Cross appeal in nullity proceedings – FCJ X ZR 40/18

In its ruling of 4 August 2020 (Ref.: X ZR 40/18), the Federal Court of Justice (X. Civil Division) had to decide on the question of when a cross appeal in nullity proceedings is admissible under Sec. 115 (2) 2nd sentence of the Patent Act.

Facts

In the first instance proceedings before the Federal Patent Court, the plaintiff for a declaration of invalidity (hereinafter plaintiff) claimed that the subject-matter of the patent in suit was not patentable. The nullity defendant (hereinafter: defendant) defended the contested patent as granted and with four auxiliary requests as amended. The Patent Court upheld the patent in suit to the extent of the fourth alternative claim, and besides, declared the patent invalid and dismissed the remainder of the complaint.

The plaintiff had challenged that approach by appealing and pursued the objective of complete annulment. The defendant had not initially lodged an appeal. After the FCJ had received the statement of grounds of appeal, the presiding judge had ordered that the defendant be given the opportunity to respond to the statement of grounds of appeal by 20 May 2019. Upon request, the chairman of the senate extended this deadline twice, most recently until 05.07.2019. With the statement of defence of 4 July 2019, the defendant also filed a cross appeal against the judgement.

The plaintiff took the view that the cross appeal was inadmissible because, in the context of the order, the presiding judge had not instructed the defendant in accordance with Sec. 277 (2) German Code of Civil Procedure. Accordingly, there was no effective time limit under Sec. 115 (2) 2nd sentence of the Patent Act for filing a reply to the appeal, so that the two-month period under Sec. 115 (2) 1st sentence of the Patent Act was decisive for the filing of the cross appeal, which had already elapsed when the corresponding written statement was submitted.

Decision

The FCJ considered the cross appeal to be admissible and justified its decision in particular by stating that an instruction pursuant to Sec. 277 (2) of the German Code of Civil Procedure is not a prerequisite for setting a time limit for filing a reply to the appeal pursuant to Sec. 115 (2) 2nd sentence of the Patent Act. In its reasons for its decision, the FCJ referred to the chain of referrals based on Sec. 115 (3) 2nd sentence of the Patent Act. Sec. 115 (3) 2nd sentence of the Patent Act refers to Sec. 110 (8) of the Patent Act, which in turn refers to Sec. 521 (1) and (2) 1st sentence of the German Code of Civil Procedure. Thus, Sec. 110 (8) of the Patent Act but explicitly not refers to Sec. 521 (2) 2nd sentence of the German Code of Civil Procedure, according to which Sec. 277 German Code of Civil Procedure would have to be applied mutatis mutandis. There is thus a break in the referral chain, so that the decision of the FCJ is hardly surprising.

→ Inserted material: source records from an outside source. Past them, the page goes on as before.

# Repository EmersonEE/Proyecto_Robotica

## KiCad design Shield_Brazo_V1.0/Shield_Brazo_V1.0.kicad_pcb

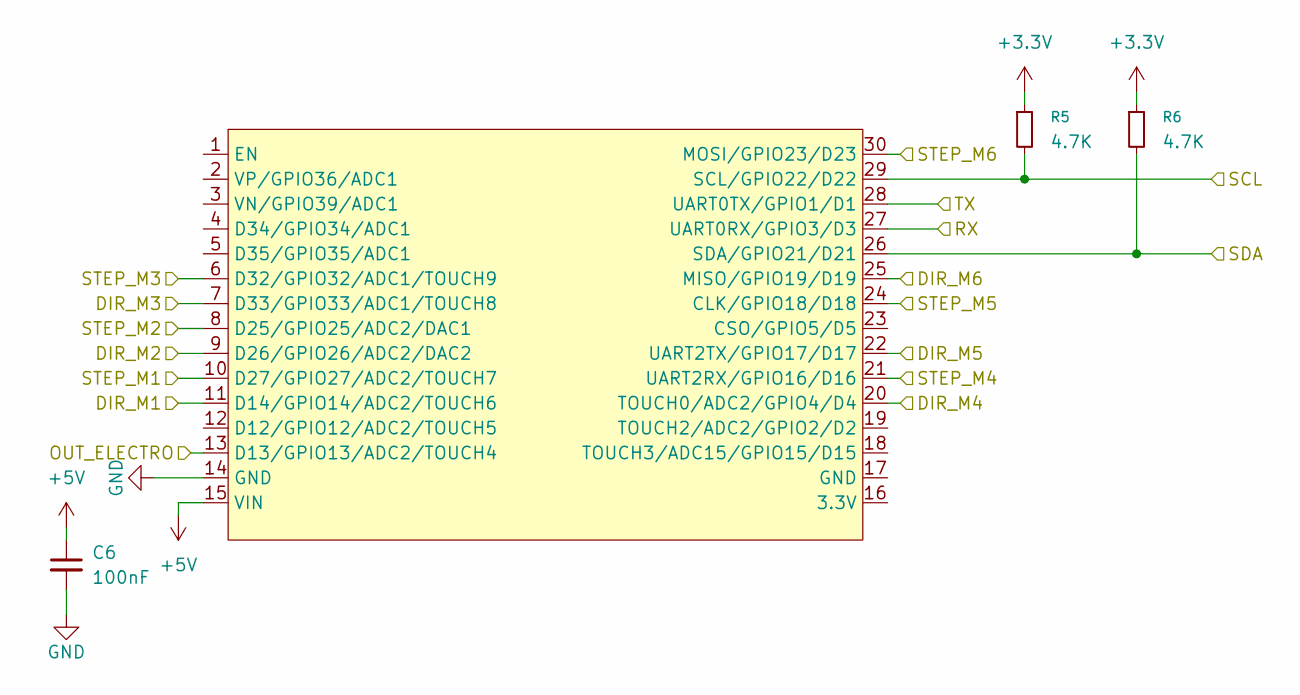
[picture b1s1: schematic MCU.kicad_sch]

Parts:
C6: 100nF; C_1206_3216Metric_Pad1.33x1.80mm_HandSolder
R5, R6: 4.7K
U6: ESP32_DevKit_V1_DOIT; ESP32_DEVKIT_V1_E32

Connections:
+3.3V: R5.1, R6.1; also elsewhere on the board
+5V: C6.1, U6.15 (VIN); also elsewhere on the board
/Drivers/DIR_M1: U6.11 (D14/GPIO14/ADC2/TOUCH6); also elsewhere on the board
/Drivers/DIR_M2: U6.9 (D26/GPIO26/ADC2/DAC2); also elsewhere on the board
/Drivers/DIR_M3: U6.7 (D33/GPIO33/ADC1/TOUCH8); also elsewhere on the board
/Drivers/DIR_M4: U6.20 (TOUCH0/ADC2/GPIO4/D4); also elsewhere on the board
/Drivers/DIR_M5: U6.22 (UART2TX/GPIO17/D17); also elsewhere on the board
/Drivers/DIR_M6: U6.25 (MISO/GPIO19/D19); also elsewhere on the board
/Drivers/STEP_M1: U6.10 (D27/GPIO27/ADC2/TOUCH7); also elsewhere on the board
/Drivers/STEP_M2: U6.8 (D25/GPIO25/ADC2/DAC1); also elsewhere on the board
/Drivers/STEP_M3: U6.6 (D32/GPIO32/ADC1/TOUCH9); also elsewhere on the board
/Drivers/STEP_M4: U6.21 (UART2RX/GPIO16/D16); also elsewhere on the board
/Drivers/STEP_M5: U6.24 (CLK/GPIO18/D18); also elsewhere on the board
/Drivers/STEP_M6: U6.30 (MOSI/GPIO23/D23); also elsewhere on the board
/MCU/OUT_ELECTRO: U6.13 (D13/GPIO13/ADC2/TOUCH4); also elsewhere on the board
/MCU/RX: U6.27 (UART0RX/GPIO3/D3); also elsewhere on the board
/MCU/SCL: R5.2, U6.29 (SCL/GPIO22/D22); also elsewhere on the board
/MCU/SDA: R6.2, U6.26 (SDA/GPIO21/D21); also elsewhere on the board
/MCU/TX: U6.28 (UART0TX/GPIO1/D1); also elsewhere on the board
GND: C6.2, U6.14 (GND); also elsewhere on the board

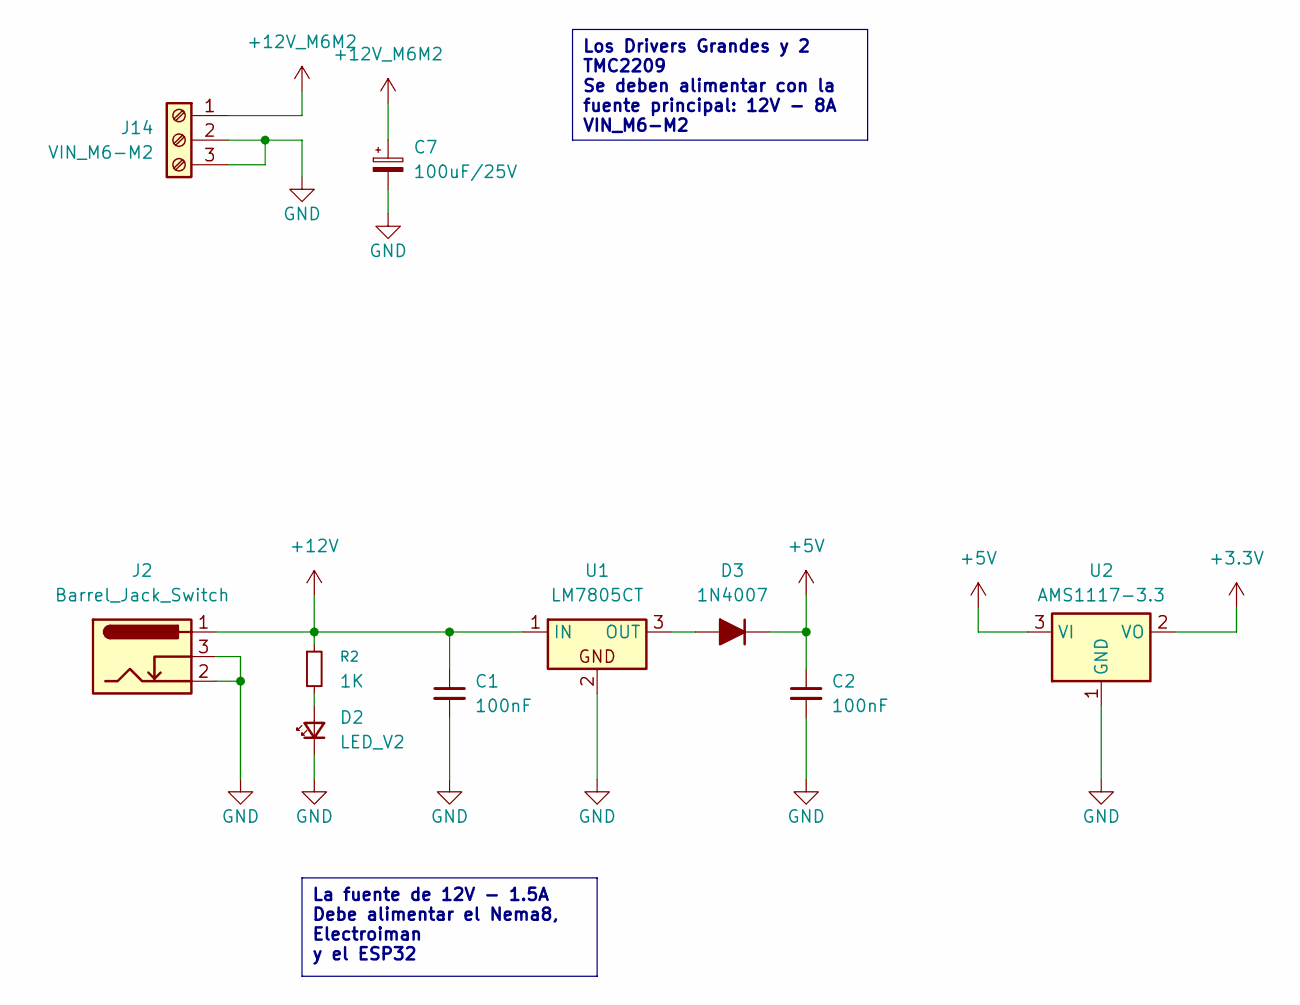
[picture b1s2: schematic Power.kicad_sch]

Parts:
C1, C2: 100nF; C_Disc_D4.7mm_W2.5mm_P5.00mm
C7: 100uF/25V; CP_Radial_D16.0mm_P7.50mm
D2: LED_V2; LED_D5.0mm
D3: 1N4007; D_DO-41_SOD81_P7.62mm_Horizontal
J2: Barrel_Jack_Switch; BarrelJack_GCT_DCJ200-10-A_Horizontal
J14: VIN_M6-M2; TerminalBlock_Phoenix_MKDS-1,5-3-5.08_1x03_P5.08mm_Horizont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
R2: 1K
U1: LM7805CT; TO-220-3_Horizontal_TabDown
U2: AMS1117-3.3; SOT-223-3_TabPin2

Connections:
+3.3V: U2.2 (VO); also elsewhere on the board
+5V: C2.1, D3.1 (K), U2.3 (VI); also elsewhere on the board
+12V: C1.1, J2.1, R2.1, U1.1 (IN); also elsewhere on the board
+12V_M6M2: C7.1, J14.1; also elsewhere on the board
GND: C1.2, C2.2, C7.2, D2.1 (K), J2.2, J2.3, J14.2, J14.3, U1.2, U2.1 (GND); also elsewhere on the board
unnamed: D2.2 (A), R2.2
unnamed: D3.2 (A), U1.3 (OUT)

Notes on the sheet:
La fuente de 12V - 1.5A Debe alimentar el Nema8, Electroiman y el ESP32
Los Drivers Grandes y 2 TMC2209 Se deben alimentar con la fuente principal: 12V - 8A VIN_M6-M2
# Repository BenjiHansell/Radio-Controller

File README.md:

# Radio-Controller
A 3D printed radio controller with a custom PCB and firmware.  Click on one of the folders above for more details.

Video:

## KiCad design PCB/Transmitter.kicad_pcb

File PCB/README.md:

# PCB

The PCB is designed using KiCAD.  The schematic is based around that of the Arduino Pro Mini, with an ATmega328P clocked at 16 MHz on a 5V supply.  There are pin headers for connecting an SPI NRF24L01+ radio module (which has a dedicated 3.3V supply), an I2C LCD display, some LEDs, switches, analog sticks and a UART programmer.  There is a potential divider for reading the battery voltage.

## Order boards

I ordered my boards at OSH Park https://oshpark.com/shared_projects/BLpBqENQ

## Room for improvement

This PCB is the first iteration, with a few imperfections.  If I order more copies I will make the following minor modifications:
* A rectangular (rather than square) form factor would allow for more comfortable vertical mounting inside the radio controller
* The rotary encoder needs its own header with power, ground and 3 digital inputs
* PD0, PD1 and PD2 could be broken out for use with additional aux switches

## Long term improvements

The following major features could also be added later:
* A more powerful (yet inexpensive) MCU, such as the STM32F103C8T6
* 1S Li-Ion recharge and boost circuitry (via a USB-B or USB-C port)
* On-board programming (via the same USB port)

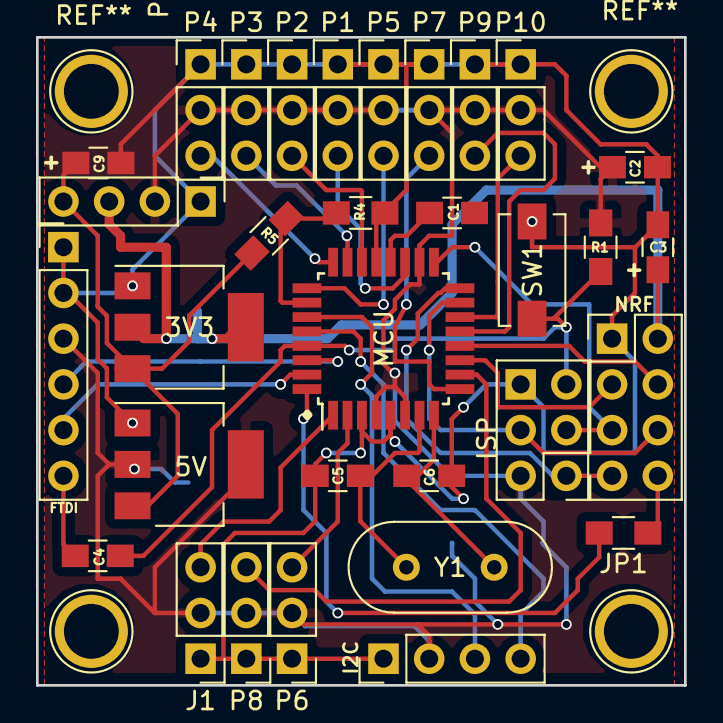
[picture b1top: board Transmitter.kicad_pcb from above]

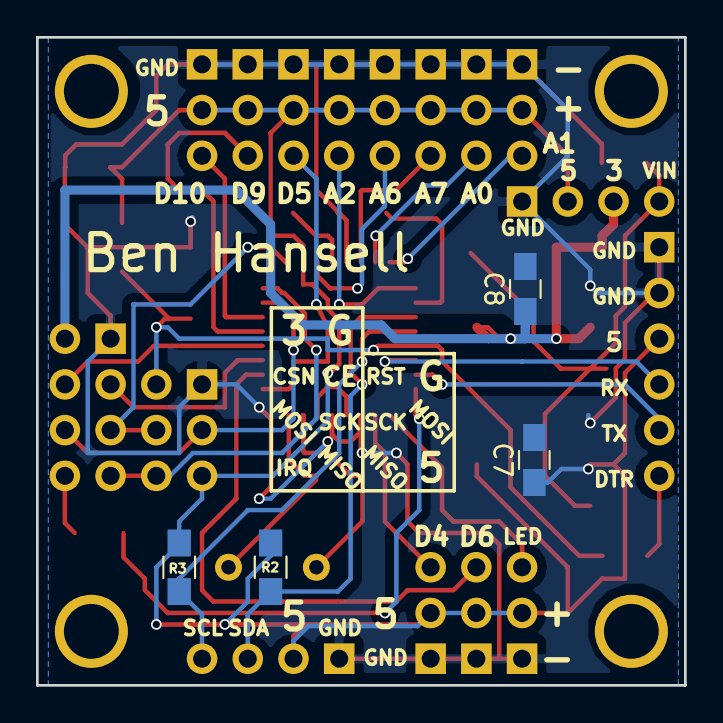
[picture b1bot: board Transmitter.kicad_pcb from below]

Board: 2 copper layers, 36.0 x 36.0 mm, 36 parts (4 on the bottom side), 32 nets.

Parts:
3V3: LM1117-3.3; SOT-223-3Lead_TabPin2
5V: LM1117-5.0; SOT-223-3Lead_TabPin2
C1, C2, C3, C4, C5, C6: C; C_0805_HandSoldering
C7, C8, C9: CP; C_0805_HandSoldering
FTDI: CONN_01X06; Pin_Header_Straight_1x06_Pitch2.54mm
I2C: CONN_01X04; Pin_Header_Straight_1x04_Pitch2.54mm
ISP: AVR-ISP-6; Pin_Header_Straight_2x03_Pitch2.54mm
J1: CONN_01X03; Pin_Header_Straight_1x03_Pitch2.54mm
JP1: Jumper_NO_Small; R_0805_HandSoldering
MCU: ATMEGA328P-A; TQFP-32_7x7mm_Pitch0.8mm
NRF: CONN_02X04; Pin_Header_Straight_2x04_Pitch2.54mm
P1, P2, P3, P4, P5, P6, P7, P8, P9, P10: CONN_01X03; Pin_Header_Straight_1x03_Pitch2.54mm
P12: CONN_01X04; Pin_Header_Straight_1x04_Pitch2.54mm
R1, R2, R3, R4, R5: R; R_0805_HandSoldering
SW1: SW_PUSH; SW_SPST_EVQPE1
Y1: Crystal; Crystal_HC49-U_Vertical

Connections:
+3V3: 3V3.2, C3.2, C8.1, NRF.2, P12.3
+5V: 5V.2, C2.2, C7.1, FTDI.3, I2C.2, ISP.2, J1.2, MCU.4, MCU.6, MCU.18, P1.2, P2.2, P3.2, P4.2, P5.2, P6.2, P7.2, P8.2, P9.2, P10.2, P12.2, R1.1, R2.2, R3.1
/A0: MCU.23, P3.3
/A1: MCU.24, P4.3
/A2: MCU.25, P5.3
/A6: MCU.19, P1.3
/A7: MCU.22, P2.3
/BADC: MCU.26, R4.1, R5.2
/CE: MCU.11, NRF.3
/CSN: MCU.12, NRF.4
/D4: MCU.2, P6.3
/D5: MCU.9, P7.3
/D6: MCU.10, P8.3
/D9: MCU.13, P9.3
/D10: MCU.14, P10.3
/DTR: C4.1, FTDI.6
/IRQ: JP1.2, MCU.32
/LED: J1.3, MCU.1
/MISO: ISP.1, MCU.16, NRF.7
/MOSI: ISP.4, MCU.15, NRF.6
/RST: C4.2, ISP.5, MCU.29, R1.2, SW1.1
/RXD: FTDI.4, MCU.30
/SCK: ISP.3, MCU.17, NRF.5
/SCL: I2C.4, MCU.28, R3.2
/SDA: I2C.3, MCU.27, R2.1
/TXD: FTDI.5, MCU.31
/VIN: 3V3.3, 5V.3, C9.1, P12.4, R5.1
GND: 3V3.1, 5V.1, C1.2, C2.1, C3.1, C5.1, C6.1, C7.2, C8.2, C9.2, FTDI.1, FTDI.2, I2C.1, ISP.6, J1.1, MCU.3, MCU.5, MCU.21, NRF.1, P1.1, P2.1, P3.1, P4.1, P5.1, P6.1, P7.1, P8.1, P9.1, P10.1, P12.1, R4.2, SW1.2
unnamed: C1.1, MCU.20
unnamed: C5.2, MCU.7, Y1.1
unnamed: C6.2, MCU.8, Y1.2
unnamed: JP1.1, NRF.8

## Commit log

2017-09-28 Added photo

In addition, the FCJ states that failure to inform the defendant could at best result in the defendant being protected from legal disadvantages to which the information should draw attention. From this point of view alone, the plaintiff’s argumentation could not be accepted because it would have resulted in the defendant suffering a disadvantage due to the failure to inform the presiding judge. Moreover, this would not have been otherwise in the context of a cross appeal in civil proceedings. Although Sec. 524 German Code of Civil Procedure refers to Sec. 277 German Code of Civil Procedure by way of Sec. 521 (2) 2nd sentence of the German Code of Civil Procedure, the cross appeal would remain permissible without any time limit if the presiding judge in civil proceedings did not instruct the defendant sufficiently according to Sec. 277 (2) German Code of Civil Procedure.